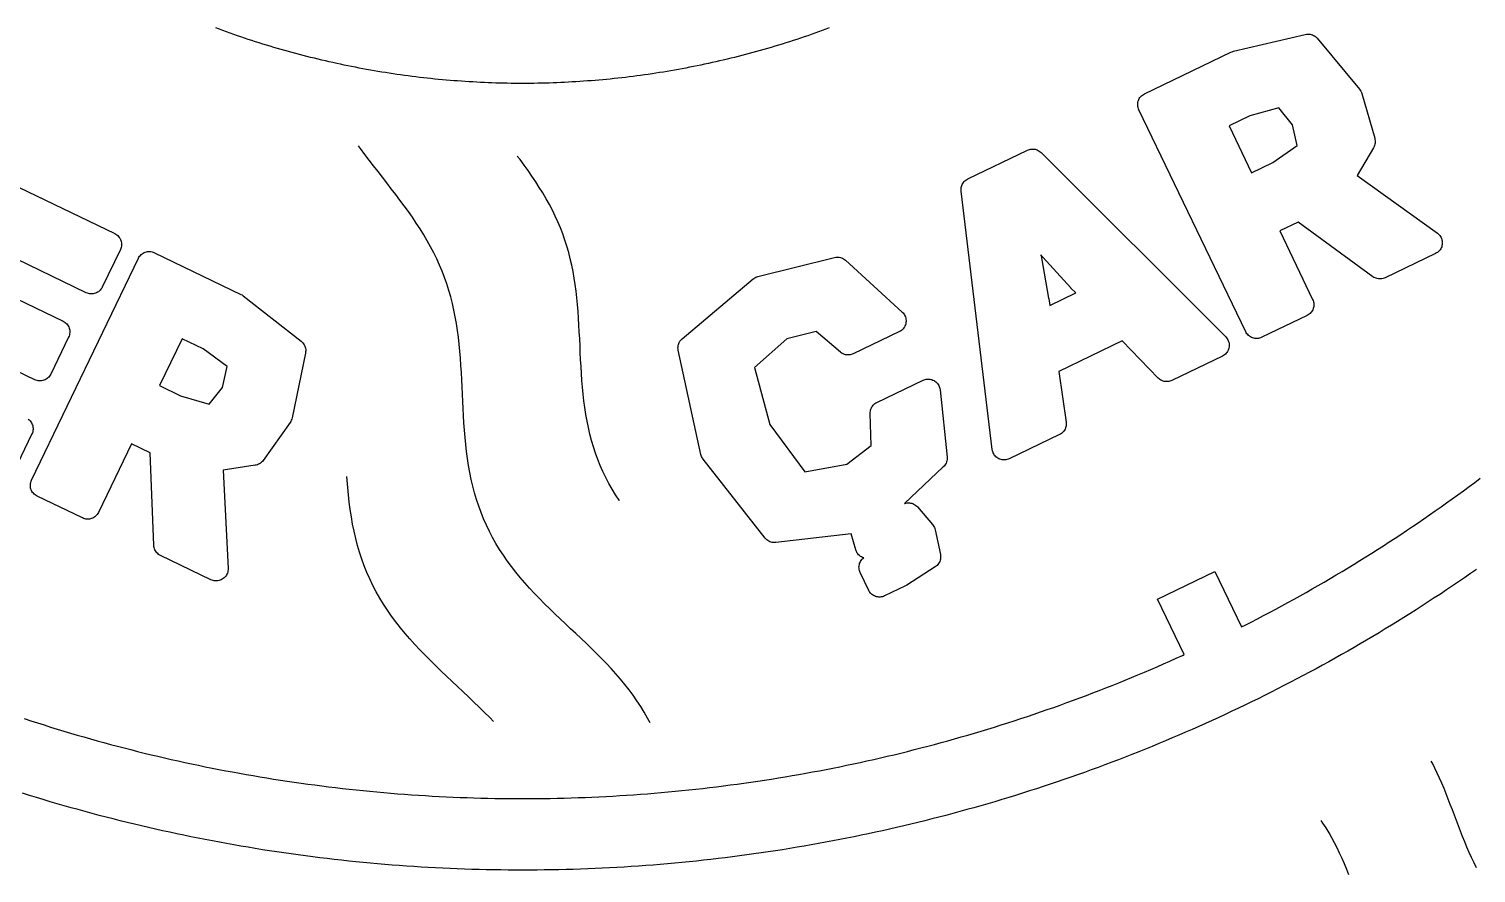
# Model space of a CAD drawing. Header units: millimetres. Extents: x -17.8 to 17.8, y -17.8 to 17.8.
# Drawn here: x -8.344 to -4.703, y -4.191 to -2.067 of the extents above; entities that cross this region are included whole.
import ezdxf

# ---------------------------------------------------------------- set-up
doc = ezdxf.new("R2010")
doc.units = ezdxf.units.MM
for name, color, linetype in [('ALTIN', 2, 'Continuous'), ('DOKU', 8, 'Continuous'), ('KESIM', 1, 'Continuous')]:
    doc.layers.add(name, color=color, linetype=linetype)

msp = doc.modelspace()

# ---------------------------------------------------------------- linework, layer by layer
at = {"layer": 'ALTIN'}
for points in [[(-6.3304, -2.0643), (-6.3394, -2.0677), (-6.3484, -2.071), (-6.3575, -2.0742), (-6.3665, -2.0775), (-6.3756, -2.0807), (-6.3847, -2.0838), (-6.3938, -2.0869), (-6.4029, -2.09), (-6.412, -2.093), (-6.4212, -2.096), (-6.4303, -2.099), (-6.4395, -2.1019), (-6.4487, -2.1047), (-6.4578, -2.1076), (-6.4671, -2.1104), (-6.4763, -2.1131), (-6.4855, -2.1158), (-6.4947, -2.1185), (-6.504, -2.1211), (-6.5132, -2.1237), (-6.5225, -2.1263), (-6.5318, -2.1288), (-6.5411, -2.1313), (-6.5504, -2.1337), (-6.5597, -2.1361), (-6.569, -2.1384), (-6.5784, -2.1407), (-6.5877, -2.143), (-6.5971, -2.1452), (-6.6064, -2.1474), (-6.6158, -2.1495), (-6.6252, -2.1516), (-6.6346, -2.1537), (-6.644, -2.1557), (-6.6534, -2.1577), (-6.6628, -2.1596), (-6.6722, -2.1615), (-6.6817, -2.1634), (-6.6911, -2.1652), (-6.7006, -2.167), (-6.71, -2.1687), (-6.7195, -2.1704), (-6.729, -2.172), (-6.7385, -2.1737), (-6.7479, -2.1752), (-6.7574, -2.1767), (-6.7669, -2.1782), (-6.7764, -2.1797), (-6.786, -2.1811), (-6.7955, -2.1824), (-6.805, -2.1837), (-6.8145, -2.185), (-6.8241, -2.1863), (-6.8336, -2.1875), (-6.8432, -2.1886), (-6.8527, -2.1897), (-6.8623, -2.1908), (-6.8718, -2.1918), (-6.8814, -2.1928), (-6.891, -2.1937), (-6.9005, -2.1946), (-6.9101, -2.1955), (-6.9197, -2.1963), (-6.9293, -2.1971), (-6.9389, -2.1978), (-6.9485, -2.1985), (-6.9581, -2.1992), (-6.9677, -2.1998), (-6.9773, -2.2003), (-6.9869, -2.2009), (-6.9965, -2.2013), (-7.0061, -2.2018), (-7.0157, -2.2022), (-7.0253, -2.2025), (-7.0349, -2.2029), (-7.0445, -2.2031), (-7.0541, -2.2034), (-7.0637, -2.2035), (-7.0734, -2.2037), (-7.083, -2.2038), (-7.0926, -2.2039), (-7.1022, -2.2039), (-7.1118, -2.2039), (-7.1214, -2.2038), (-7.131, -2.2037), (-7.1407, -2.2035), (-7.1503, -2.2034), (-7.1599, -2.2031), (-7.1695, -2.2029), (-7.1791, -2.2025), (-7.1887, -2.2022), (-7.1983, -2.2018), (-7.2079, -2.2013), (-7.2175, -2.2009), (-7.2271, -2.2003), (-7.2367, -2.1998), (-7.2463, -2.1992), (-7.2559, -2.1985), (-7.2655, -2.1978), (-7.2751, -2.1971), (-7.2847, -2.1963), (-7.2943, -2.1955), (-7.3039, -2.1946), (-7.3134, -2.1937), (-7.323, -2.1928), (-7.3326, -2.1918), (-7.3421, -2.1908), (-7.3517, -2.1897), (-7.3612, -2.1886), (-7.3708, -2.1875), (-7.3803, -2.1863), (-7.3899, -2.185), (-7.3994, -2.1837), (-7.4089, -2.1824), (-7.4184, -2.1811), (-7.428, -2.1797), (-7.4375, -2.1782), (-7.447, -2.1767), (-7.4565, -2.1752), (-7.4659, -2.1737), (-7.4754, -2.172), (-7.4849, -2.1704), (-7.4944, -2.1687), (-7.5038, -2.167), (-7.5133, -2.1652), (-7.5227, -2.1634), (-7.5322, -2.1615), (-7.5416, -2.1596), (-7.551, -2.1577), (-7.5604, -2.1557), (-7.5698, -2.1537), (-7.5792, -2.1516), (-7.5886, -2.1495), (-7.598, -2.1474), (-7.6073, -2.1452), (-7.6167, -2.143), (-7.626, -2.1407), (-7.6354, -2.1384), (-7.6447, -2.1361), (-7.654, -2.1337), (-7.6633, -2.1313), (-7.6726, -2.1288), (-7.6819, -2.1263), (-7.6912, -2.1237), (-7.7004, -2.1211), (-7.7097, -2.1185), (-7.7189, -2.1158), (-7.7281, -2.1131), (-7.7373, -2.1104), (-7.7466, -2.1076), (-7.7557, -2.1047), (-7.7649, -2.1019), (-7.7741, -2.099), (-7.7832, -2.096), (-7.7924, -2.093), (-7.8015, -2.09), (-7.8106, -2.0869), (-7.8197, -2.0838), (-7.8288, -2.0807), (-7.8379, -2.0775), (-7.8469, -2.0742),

§ **Exercise**: An exact copy of every line above, minus the pictures, is the required output.

§ **Solution to this problem**:
# Model space of a CAD drawing. Header units: millimetres. Extents: x -17.8 to 17.8, y -17.8 to 17.8.
# Drawn here: x -8.344 to -4.703, y -4.191 to -2.067 of the extents above; entities that cross this region are included whole.
import ezdxf

# ---------------------------------------------------------------- set-up
doc = ezdxf.new("R2010")
doc.units = ezdxf.units.MM
for name, color, linetype in [('ALTIN', 2, 'Continuous'), ('DOKU', 8, 'Continuous'), ('KESIM', 1, 'Continuous')]:
    doc.layers.add(name, color=color, linetype=linetype)

msp = doc.modelspace()

# ---------------------------------------------------------------- linework, layer by layer
at = {"layer": 'ALTIN'}
for points in [[(-6.3304, -2.0643), (-6.3394, -2.0677), (-6.3484, -2.071), (-6.3575, -2.0742), (-6.3665, -2.0775), (-6.3756, -2.0807), (-6.3847, -2.0838), (-6.3938, -2.0869), (-6.4029, -2.09), (-6.412, -2.093), (-6.4212, -2.096), (-6.4303, -2.099), (-6.4395, -2.1019), (-6.4487, -2.1047), (-6.4578, -2.1076), (-6.4671, -2.1104), (-6.4763, -2.1131), (-6.4855, -2.1158), (-6.4947, -2.1185), (-6.504, -2.1211), (-6.5132, -2.1237), (-6.5225, -2.1263), (-6.5318, -2.1288), (-6.5411, -2.1313), (-6.5504, -2.1337), (-6.5597, -2.1361), (-6.569, -2.1384), (-6.5784, -2.1407), (-6.5877, -2.143), (-6.5971, -2.1452), (-6.6064, -2.1474), (-6.6158, -2.1495), (-6.6252, -2.1516), (-6.6346, -2.1537), (-6.644, -2.1557), (-6.6534, -2.1577), (-6.6628, -2.1596), (-6.6722, -2.1615), (-6.6817, -2.1634), (-6.6911, -2.1652), (-6.7006, -2.167), (-6.71, -2.1687), (-6.7195, -2.1704), (-6.729, -2.172), (-6.7385, -2.1737), (-6.7479, -2.1752), (-6.7574, -2.1767), (-6.7669, -2.1782), (-6.7764, -2.1797), (-6.786, -2.1811), (-6.7955, -2.1824), (-6.805, -2.1837), (-6.8145, -2.185), (-6.8241, -2.1863), (-6.8336, -2.1875), (-6.8432, -2.1886), (-6.8527, -2.1897), (-6.8623, -2.1908), (-6.8718, -2.1918), (-6.8814, -2.1928), (-6.891, -2.1937), (-6.9005, -2.1946), (-6.9101, -2.1955), (-6.9197, -2.1963), (-6.9293, -2.1971), (-6.9389, -2.1978), (-6.9485, -2.1985), (-6.9581, -2.1992), (-6.9677, -2.1998), (-6.9773, -2.2003), (-6.9869, -2.2009), (-6.9965, -2.2013), (-7.0061, -2.2018), (-7.0157, -2.2022), (-7.0253, -2.2025), (-7.0349, -2.2029), (-7.0445, -2.2031), (-7.0541, -2.2034), (-7.0637, -2.2035), (-7.0734, -2.2037), (-7.083, -2.2038), (-7.0926, -2.2039), (-7.1022, -2.2039), (-7.1118, -2.2039), (-7.1214, -2.2038), (-7.131, -2.2037), (-7.1407, -2.2035), (-7.1503, -2.2034), (-7.1599, -2.2031), (-7.1695, -2.2029), (-7.1791, -2.2025), (-7.1887, -2.2022), (-7.1983, -2.2018), (-7.2079, -2.2013), (-7.2175, -2.2009), (-7.2271, -2.2003), (-7.2367, -2.1998), (-7.2463, -2.1992), (-7.2559, -2.1985), (-7.2655, -2.1978), (-7.2751, -2.1971), (-7.2847, -2.1963), (-7.2943, -2.1955), (-7.3039, -2.1946), (-7.3134, -2.1937), (-7.323, -2.1928), (-7.3326, -2.1918), (-7.3421, -2.1908), (-7.3517, -2.1897), (-7.3612, -2.1886), (-7.3708, -2.1875), (-7.3803, -2.1863), (-7.3899, -2.185), (-7.3994, -2.1837), (-7.4089, -2.1824), (-7.4184, -2.1811), (-7.428, -2.1797), (-7.4375, -2.1782), (-7.447, -2.1767), (-7.4565, -2.1752), (-7.4659, -2.1737), (-7.4754, -2.172), (-7.4849, -2.1704), (-7.4944, -2.1687), (-7.5038, -2.167), (-7.5133, -2.1652), (-7.5227, -2.1634), (-7.5322, -2.1615), (-7.5416, -2.1596), (-7.551, -2.1577), (-7.5604, -2.1557), (-7.5698, -2.1537), (-7.5792, -2.1516), (-7.5886, -2.1495), (-7.598, -2.1474), (-7.6073, -2.1452), (-7.6167, -2.143), (-7.626, -2.1407), (-7.6354, -2.1384), (-7.6447, -2.1361), (-7.654, -2.1337), (-7.6633, -2.1313), (-7.6726, -2.1288), (-7.6819, -2.1263), (-7.6912, -2.1237), (-7.7004, -2.1211), (-7.7097, -2.1185), (-7.7189, -2.1158), (-7.7281, -2.1131), (-7.7373, -2.1104), (-7.7466, -2.1076), (-7.7557, -2.1047), (-7.7649, -2.1019), (-7.7741, -2.099), (-7.7832, -2.096), (-7.7924, -2.093), (-7.8015, -2.09), (-7.8106, -2.0869), (-7.8197, -2.0838), (-7.8288, -2.0807), (-7.8379, -2.0775), (-7.8469, -2.0742),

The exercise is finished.